Find the slope of the graph of the function at the given point. (If an answer is undefined, enter UNDEFINED.)
x^3 + y^3 = 14xy, (7, 7)
find dy/dx at (7.7)
3x^2 dx+3y^2 dy=14(ydx+xdy)
dy/dx(3y^2-14x)=14y-3x^2
check that, I did the algebra in my head.
dy/dx= 108-147 / 147-98
check that, it was in my head also.
To find the slope of the graph of the function at a given point, you need to take the derivative of the function and evaluate it at the given point.
Let's start by differentiating the given equation with respect to x:
d/dx (x^3 + y^3) = d/dx (14xy)
To find d/dx (y^3), we need to use the chain rule.
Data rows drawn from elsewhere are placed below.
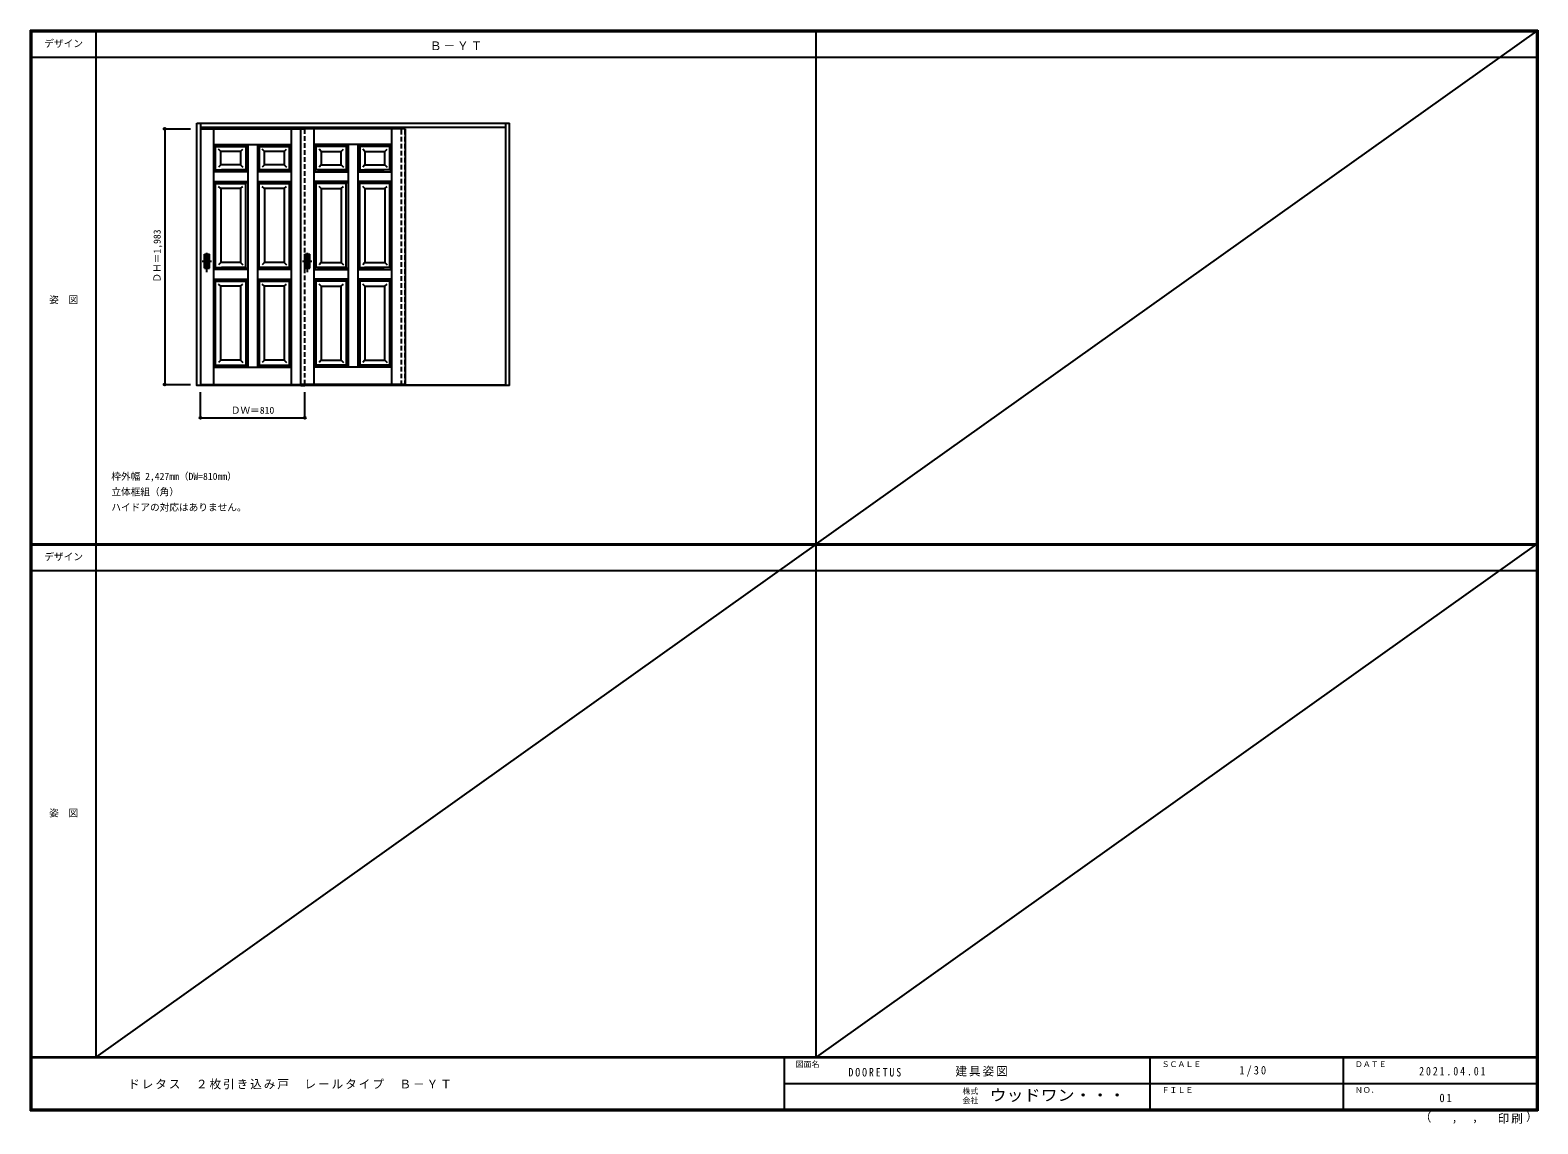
# Model space of a CAD drawing. Units: millimetres, scale not verified. Extents: x -6000 to 5700, y -4307 to 4175.
import ezdxf
from ezdxf.enums import TextEntityAlignment as Align

# ---------------------------------------------------------------- set-up
doc = ezdxf.new("R2010")
doc.units = ezdxf.units.MM
doc.header["$LTSCALE"] = 30
doc.header["$PDMODE"] = 32
doc.header["$PDSIZE"] = 15
doc.linetypes.add('CHAIN1', pattern=[8, 5, -1, 1, -1])
doc.linetypes.add('DASHED1', pattern=[1.8, 1.2, -0.6])
for name, color, linetype in [('0-2_扉', 7, 'Continuous'), ('0-4_枠', 3, 'Continuous'), ('0-6_引手', 7, 'Continuous'), ('0-A_文字', 7, 'Continuous'), ('0-B_寸法', 4, 'Continuous'), ('F-1_枠', 6, 'Continuous'), ('F-A_文字', 7, 'Continuous')]:
    doc.layers.add(name, color=color, linetype=linetype)
doc.styles.add('ＭＳ ゴシック', font='')
doc.styles.get('ＭＳ ゴシック').set_extended_font_data('MS Gothic')

msp = doc.modelspace()

# ---------------------------------------------------------------- linework, layer by layer
at = {"layer": '0-2_扉'}
for p, q in [((-4676.15, 3409), (-3869.15, 3409)), ((-4575.65, 1426), (-4575.65, 3409)), ((-3972.65, 1426), (-3972.65, 3409)), ((-3899.15, 3409), (-3869.15, 3409)), ((-3899.15, 1426), (-3899.15, 3409)), ((-3089.15, 3409), (-3899.15, 3409)), ((-3795.65, 1426), (-3795.65, 3409)), ((-3192.65, 1426), (-3192.65, 3409)), ((-4575.65, 3289), (-4560.65, 3274)), ((-4575.65, 3289), (-4234.15, 3289)), ((-4326.65, 3274), (-4311.65, 3289)), ((-4311.65, 3289), (-4311.65, 1561)), ((-4236.65, 3289), (-4236.65, 1561)), ((-4221.65, 3274), (-4236.36, 3288.71)), ((-4234.15, 3289), (-3972.65, 3289)), ((-3972.65, 3289), (-3987.65, 3274)), ((-3534.15, 3289), (-3795.65, 3289)), ((-3795.65, 3289), (-3780.65, 3274)), ((-3546.65, 3274), (-3531.94, 3288.71)), ((-3192.65, 3289), (-3534.15, 3289)), ((-3531.65, 3289), (-3531.65, 1561)), ((-3441.65, 3274), (-3456.65, 3289)), ((-3456.65, 3289), (-3456.65, 1561)), ((-3192.65, 3289), (-3207.65, 3274)), ((-4560.65, 3091), (-4560.65, 3274)), ((-4560.65, 3274), (-4326.65, 3274)), ((-4520.65, 3234), (-4538.33, 3251.68)), ((-4520.65, 3131), (-4520.65, 3234)), ((-4366.65, 3234), (-4520.65, 3234)), ((-4366.65, 3234), (-4348.97, 3251.68)), ((-4366.65, 3234), (-4366.65, 3131)), ((-4326.65, 3274), (-4326.65, 3091)), ((-4221.65, 3274), (-4221.65, 3091)), ((-4221.65, 3274), (-3987.65, 3274)), ((-4181.65, 3234), (-4199.33, 3251.68)), ((-4181.65, 3131), (-4181.65, 3234)), ((-4027.65, 3234), (-4181.65, 3234)), ((-4027.65, 3234), (-4009.97, 3251.68)), ((-4027.65, 3234), (-4027.65, 3131)), ((-3987.65, 3091), (-3987.65, 3274)), ((-3780.65, 3091), (-3780.65, 3274)), ((-3546.65, 3274), (-3780.65, 3274)), ((-3740.65, 3234), (-3758.33, 3251.68)), ((-3740.65, 3234), (-3740.65, 3131)), ((-3740.65, 3234), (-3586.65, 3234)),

Since y is a function of x, we can differentiate it as follows:
d/dx (y^3) = d/dy (y^3) * dy/dx
Now, let's find the derivative of x^3:
d/dx (x^3) = 3x^2
Next, let's find the derivative of y^3:
d/dy (y^3) = 3y^2
To find dy/dx, we can rearrange the original equation and solve for dy/dx:
x^3 + y^3 = 14xy
Differentiating both sides with respect to x:
3x^2 + 3y^2 * dy/dx = 14y + 14x * dy/dx
Rearranging terms:
3x^2 - 14x * dy/dx = 14y - 3y^2 * dy/dx
Simplifying:
dy/dx * (3y^2 + 14x) = 14y - 3x^2
dy/dx = (14y - 3x^2) / (3y^2 + 14x)
Now, to find the slope at the given point (7, 7), substitute x = 7 and y = 7 into the derivative equation:
dy/dx = (14(7) - 3(7)^2) / (3(7)^2 + 14(7))
dy/dx = (98 - 147) / (147 + 98)
dy/dx = -49 / 245
dy/dx = -1/5
Therefore, the slope of the graph of the function at the point (7, 7) is -1/5.